Device and Drug Manufacturers Take Heed: It’s Time to Comply with the Physician Payment Sunshine Act


Practice Areas

Robinson Bradshaw Publication
March 4, 2013

On Feb. 1, 2013, the Centers for Medicare and Medicaid Services released the long-awaited final rule on the Physician Payment Sunshine Act. The Sunshine Act is significant for applicable manufacturers of covered drugs, devices, biologicals and medical supplies. It mandates annual manufacturer reports that summarize virtually any “payment or transfer of value” that the manufacturer has made to any physician as well as detailed information about any physician ownership or investment in the manufacturer’s organization. These reports must be submitted to CMS, which will then publish the reports on a publicly available website.

The manufacturers must begin collecting the required data no later than Aug. 31, 2013. The process of data collection may be time-intensive and taxing for manufacturers, so it is important to get started soon. Manufacturers are expected to disclose all monetary – and even nonmonetary – arrangements with physicians. This would include such simple and seemingly inconsequential things as tickets to sporting events, meals and even parking. The required physician ownership details are also quite specific: the name, address and specialty of the physician owner(s); the dollar amount(s) invested; and the value and terms of the investment(s). The first reports are due to CMS on March 31, 2014.

The stakes are high. The manufacturer will be subject to a civil monetary penalty of $1,000-$10,000 for each payment, transfer of value, or ownership interest not reported as required, with an annual maximum of $150,000. The CMPs are higher for knowing failure to submit required information in a timely manner: $10,000-$100,000 per instance, up to an annual maximum of $1 million. Additionally, CMS has the authority to audit for compliance with the Sunshine Act.

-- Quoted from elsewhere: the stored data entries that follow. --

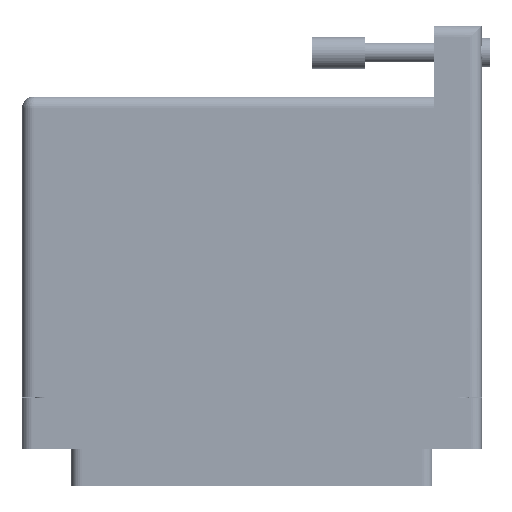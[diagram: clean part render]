
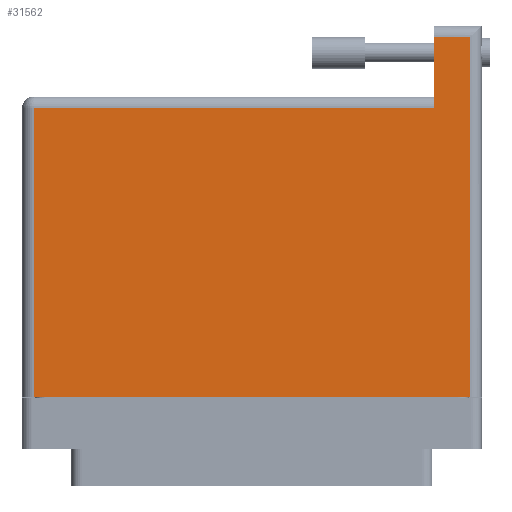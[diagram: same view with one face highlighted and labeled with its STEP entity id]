
A CAD part, front view. The second image highlights one B-rep face of the part: STEP entity #31562.
In plain terms, the highlighted face is planar.
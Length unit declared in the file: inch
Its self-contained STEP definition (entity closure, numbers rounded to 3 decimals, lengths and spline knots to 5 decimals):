
#1055 = DIRECTION ( 'NONE',  ( 0., 1., 0. ) ) ;
#1647 = VECTOR ( 'NONE', #1055, 39.37008 ) ;
#3445 = VECTOR ( 'NONE', #58485, 39.37008 ) ;
#4345 = CARTESIAN_POINT ( 'NONE',  ( -1.359, 1.675, 0.617 ) ) ;
#4538 = CARTESIAN_POINT ( 'NONE',  ( -1.359, 1.605, 0.617 ) ) ;
#5815 = ORIENTED_EDGE ( 'NONE', *, *, #19043, .T. ) ;
#6554 = CARTESIAN_POINT ( 'NONE',  ( 1.289, 2.095, 0.617 ) ) ;
#6635 = EDGE_LOOP ( 'NONE', ( #5815, #52663, #27247, #16524, #58159, #15217 ) ) ;
#7871 = LINE ( 'NONE', #20729, #56867 ) ;
#14812 = PLANE ( 'NONE',  #54905 ) ;
#15217 = ORIENTED_EDGE ( 'NONE', *, *, #37968, .T. ) ;
#15300 = VERTEX_POINT ( 'NONE', #22190 ) ;
#15901 = EDGE_CURVE ( 'NONE', #65315, #65358, #16828, .T. ) ;
#16524 = ORIENTED_EDGE ( 'NONE', *, *, #15901, .T. ) ;
#16828 = LINE ( 'NONE', #6554, #1647 ) ;
#17102 = FACE_OUTER_BOUND ( 'NONE', #6635, .T. ) ;
#19043 = EDGE_CURVE ( 'NONE', #64945, #19623, #24378, .T. ) ;
#19623 = VERTEX_POINT ( 'NONE', #73086 ) ;
#20466 = DIRECTION ( 'NONE',  ( 1., 0., 0. ) ) ;
#20729 = CARTESIAN_POINT ( 'NONE',  ( -1.359, -0.1, 0.617 ) ) ;
#20785 = VECTOR ( 'NONE', #23002, 39.37008 ) ;
#22190 = CARTESIAN_POINT ( 'NONE',  ( -1.289, -0.1, 0.617 ) ) ;
#23002 = DIRECTION ( 'NONE',  ( -1., 0., 0. ) ) ;
#24378 = LINE ( 'NONE', #4538, #20785 ) ;
#27247 = ORIENTED_EDGE ( 'NONE', *, *, #33397, .T. ) ;
#31038 = LINE ( 'NONE', #63897, #33695 ) ;
#31562 = ADVANCED_FACE ( 'NONE', ( #17102 ), #14812, .F. ) ;
#32177 = DIRECTION ( 'NONE',  ( -1., 0., 0. ) ) ;
#33397 = EDGE_CURVE ( 'NONE', #15300, #65315, #7871, .T. ) ;
#33695 = VECTOR ( 'NONE', #40835, 39.37008 ) ;
#37156 = CARTESIAN_POINT ( 'NONE',  ( -1.359, 2.025, 0.617 ) ) ;
#37440 = VECTOR ( 'NONE', #42403, 39.37008 ) ;
#37463 = DIRECTION ( 'NONE',  ( 0., 0., -1. ) ) ;
#37912 = EDGE_CURVE ( 'NONE', #19623, #15300, #58612, .T. ) ;
#37968 = EDGE_CURVE ( 'NONE', #71454, #64945, #31038, .T. ) ;
#39527 = CARTESIAN_POINT ( 'NONE',  ( 1.079, 2.025, 0.617 ) ) ;
#40835 = DIRECTION ( 'NONE',  ( 0., -1., 0. ) ) ;
#42403 = DIRECTION ( 'NONE',  ( -1., 0., 0. ) ) ;
#43943 = CARTESIAN_POINT ( 'NONE',  ( 1.289, -0.1, 0.617 ) ) ;
#44952 = CARTESIAN_POINT ( 'NONE',  ( 1.079, 1.605, 0.617 ) ) ;
#46302 = CARTESIAN_POINT ( 'NONE',  ( -1.289, -0.1, 0.617 ) ) ;
#51656 = LINE ( 'NONE', #37156, #37440 ) ;
#52663 = ORIENTED_EDGE ( 'NONE', *, *, #37912, .T. ) ;
#53450 = EDGE_CURVE ( 'NONE', #65358, #71454, #51656, .T. ) ;
#54905 = AXIS2_PLACEMENT_3D ( 'NONE', #4345, #37463, #32177 ) ;
#56350 = CARTESIAN_POINT ( 'NONE',  ( 1.289, 2.025, 0.617 ) ) ;
#56867 = VECTOR ( 'NONE', #20466, 39.37008 ) ;
#58159 = ORIENTED_EDGE ( 'NONE', *, *, #53450, .T. ) ;
#58485 = DIRECTION ( 'NONE',  ( 0., -1., 0. ) ) ;
#58612 = LINE ( 'NONE', #46302, #3445 ) ;
#63897 = CARTESIAN_POINT ( 'NONE',  ( 1.079, 2.095, 0.617 ) ) ;
#64945 = VERTEX_POINT ( 'NONE', #44952 ) ;
#65315 = VERTEX_POINT ( 'NONE', #43943 ) ;
#65358 = VERTEX_POINT ( 'NONE', #56350 ) ;
#71454 = VERTEX_POINT ( 'NONE', #39527 ) ;
#73086 = CARTESIAN_POINT ( 'NONE',  ( -1.289, 1.605, 0.617 ) ) ;
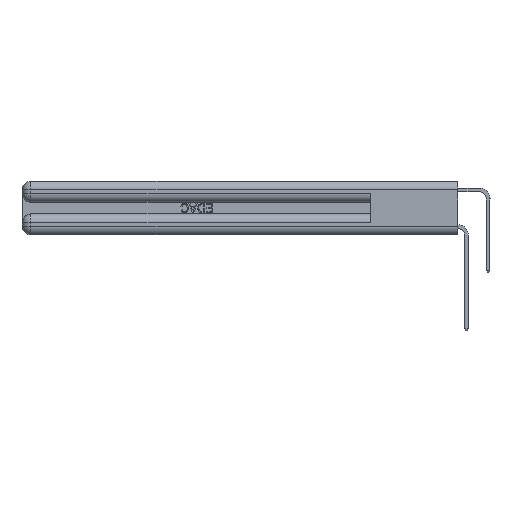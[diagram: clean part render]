
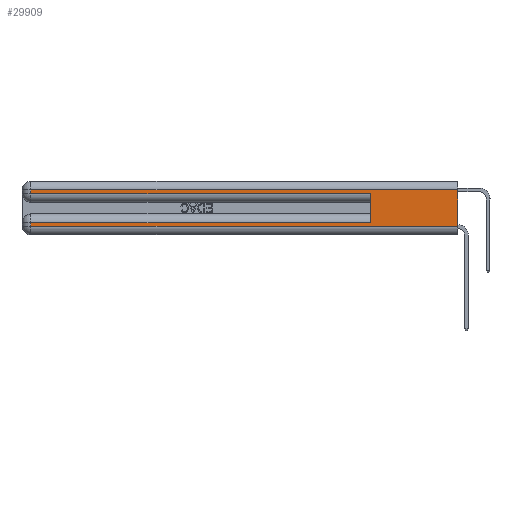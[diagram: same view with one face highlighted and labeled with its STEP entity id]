
A CAD part, left-side view. The second image highlights one B-rep face of the part: STEP entity #29909.
In plain terms, the highlighted planar face has unit normal (-1, 0, 0).
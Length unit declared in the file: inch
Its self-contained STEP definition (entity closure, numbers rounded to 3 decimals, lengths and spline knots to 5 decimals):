
#688 = CARTESIAN_POINT ( 'NONE',  ( 0., 0., 0.31 ) ) ;
#2216 = DIRECTION ( 'NONE',  ( 0., 0., -1. ) ) ;
#2385 = CARTESIAN_POINT ( 'NONE',  ( 0., 0.6, 0.285 ) ) ;
#2524 = EDGE_CURVE ( 'NONE', #15387, #31650, #4604, .T. ) ;
#3878 = CARTESIAN_POINT ( 'NONE',  ( 0., 0., 0.06 ) ) ;
#4311 = FACE_OUTER_BOUND ( 'NONE', #28286, .T. ) ;
#4604 = LINE ( 'NONE', #30196, #15029 ) ;
#4754 = DIRECTION ( 'NONE',  ( 1., 0., 0. ) ) ;
#4879 = CARTESIAN_POINT ( 'NONE',  ( 0., 0., 0.085 ) ) ;
#4961 = CARTESIAN_POINT ( 'NONE',  ( 0., 0.6, 0.145 ) ) ;
#4972 = DIRECTION ( 'NONE',  ( 0., -1., 0. ) ) ;
#5525 = LINE ( 'NONE', #33076, #29310 ) ;
#6470 = LINE ( 'NONE', #688, #27855 ) ;
#6865 = LINE ( 'NONE', #4879, #18047 ) ;
#7455 = DIRECTION ( 'NONE',  ( 0., 0., -1. ) ) ;
#8250 = EDGE_CURVE ( 'NONE', #22553, #27764, #6470, .T. ) ;
#8692 = VERTEX_POINT ( 'NONE', #15532 ) ;
#9332 = ORIENTED_EDGE ( 'NONE', *, *, #22059, .T. ) ;
#9527 = VECTOR ( 'NONE', #7455, 39.37008 ) ;
#10952 = ORIENTED_EDGE ( 'NONE', *, *, #20785, .F. ) ;
#11116 = LINE ( 'NONE', #4961, #17175 ) ;
#11144 = CARTESIAN_POINT ( 'NONE',  ( 0., 2.94, 0.31 ) ) ;
#13689 = CARTESIAN_POINT ( 'NONE',  ( 0., 2.94, 0.285 ) ) ;
#13787 = CARTESIAN_POINT ( 'NONE',  ( 0., 0., 0.06 ) ) ;
#13980 = CARTESIAN_POINT ( 'NONE',  ( 0., 0., 0.37 ) ) ;
#14259 = VERTEX_POINT ( 'NONE', #28304 ) ;
#14722 = LINE ( 'NONE', #20456, #9527 ) ;
#15029 = VECTOR ( 'NONE', #4972, 39.37008 ) ;
#15387 = VERTEX_POINT ( 'NONE', #13689 ) ;
#15532 = CARTESIAN_POINT ( 'NONE',  ( 0., 2.94, 0.06 ) ) ;
#16573 = LINE ( 'NONE', #13787, #28685 ) ;
#17175 = VECTOR ( 'NONE', #18098, 39.37008 ) ;
#17604 = ORIENTED_EDGE ( 'NONE', *, *, #8250, .T. ) ;
#17777 = CARTESIAN_POINT ( 'NONE',  ( 0., 0., 0.37 ) ) ;
#18047 = VECTOR ( 'NONE', #20168, 39.37008 ) ;
#18098 = DIRECTION ( 'NONE',  ( 0., 0., 1. ) ) ;
#18941 = DIRECTION ( 'NONE',  ( 0., 0., -1. ) ) ;
#19156 = CARTESIAN_POINT ( 'NONE',  ( 0., 0., 0.31 ) ) ;
#19185 = VERTEX_POINT ( 'NONE', #3878 ) ;
#19994 = AXIS2_PLACEMENT_3D ( 'NONE', #17777, #4754, #30559 ) ;
#20168 = DIRECTION ( 'NONE',  ( 0., 1., 0. ) ) ;
#20456 = CARTESIAN_POINT ( 'NONE',  ( 0., 2.94, 0.37 ) ) ;
#20785 = EDGE_CURVE ( 'NONE', #22553, #19185, #29424, .T. ) ;
#20949 = DIRECTION ( 'NONE',  ( 0., 1., 0. ) ) ;
#22059 = EDGE_CURVE ( 'NONE', #28037, #14259, #6865, .T. ) ;
#22553 = VERTEX_POINT ( 'NONE', #19156 ) ;
#23087 = PLANE ( 'NONE',  #19994 ) ;
#23167 = ORIENTED_EDGE ( 'NONE', *, *, #28883, .T. ) ;
#24087 = EDGE_CURVE ( 'NONE', #27764, #15387, #14722, .T. ) ;
#24133 = EDGE_CURVE ( 'NONE', #28037, #31650, #11116, .T. ) ;
#24204 = ORIENTED_EDGE ( 'NONE', *, *, #2524, .T. ) ;
#25109 = ORIENTED_EDGE ( 'NONE', *, *, #26220, .T. ) ;
#26220 = EDGE_CURVE ( 'NONE', #8692, #19185, #16573, .T. ) ;
#26471 = DIRECTION ( 'NONE',  ( 0., -1., 0. ) ) ;
#27083 = ORIENTED_EDGE ( 'NONE', *, *, #24133, .F. ) ;
#27510 = CARTESIAN_POINT ( 'NONE',  ( 0., 0.6, 0.085 ) ) ;
#27764 = VERTEX_POINT ( 'NONE', #11144 ) ;
#27855 = VECTOR ( 'NONE', #20949, 39.37008 ) ;
#28037 = VERTEX_POINT ( 'NONE', #27510 ) ;
#28286 = EDGE_LOOP ( 'NONE', ( #10952, #17604, #28562, #24204, #27083, #9332, #23167, #25109 ) ) ;
#28304 = CARTESIAN_POINT ( 'NONE',  ( 0., 2.94, 0.085 ) ) ;
#28562 = ORIENTED_EDGE ( 'NONE', *, *, #24087, .T. ) ;
#28685 = VECTOR ( 'NONE', #26471, 39.37008 ) ;
#28883 = EDGE_CURVE ( 'NONE', #14259, #8692, #5525, .T. ) ;
#29310 = VECTOR ( 'NONE', #2216, 39.37008 ) ;
#29424 = LINE ( 'NONE', #13980, #30257 ) ;
#29909 = ADVANCED_FACE ( 'NONE', ( #4311 ), #23087, .F. ) ;
#30196 = CARTESIAN_POINT ( 'NONE',  ( 0., 0., 0.285 ) ) ;
#30257 = VECTOR ( 'NONE', #18941, 39.37008 ) ;
#30559 = DIRECTION ( 'NONE',  ( 0., 0., -1. ) ) ;
#31650 = VERTEX_POINT ( 'NONE', #2385 ) ;
#33076 = CARTESIAN_POINT ( 'NONE',  ( 0., 2.94, 0.37 ) ) ;

To reiterate, complying with the Sunshine Act will be complicated, so manufacturers and their counsel should begin to consider now whether they are legally required to comply, and if so, how to achieve compliance in relatively short order. For example, applicable manufacturers would be well-served to develop, implement and strengthen internal systems and processes to track their physician payments, transfers of value and ownership interests. Manufacturers and their advisers will also want to focus on public relations concerns and fraud and abuse considerations in connection with their required disclosures.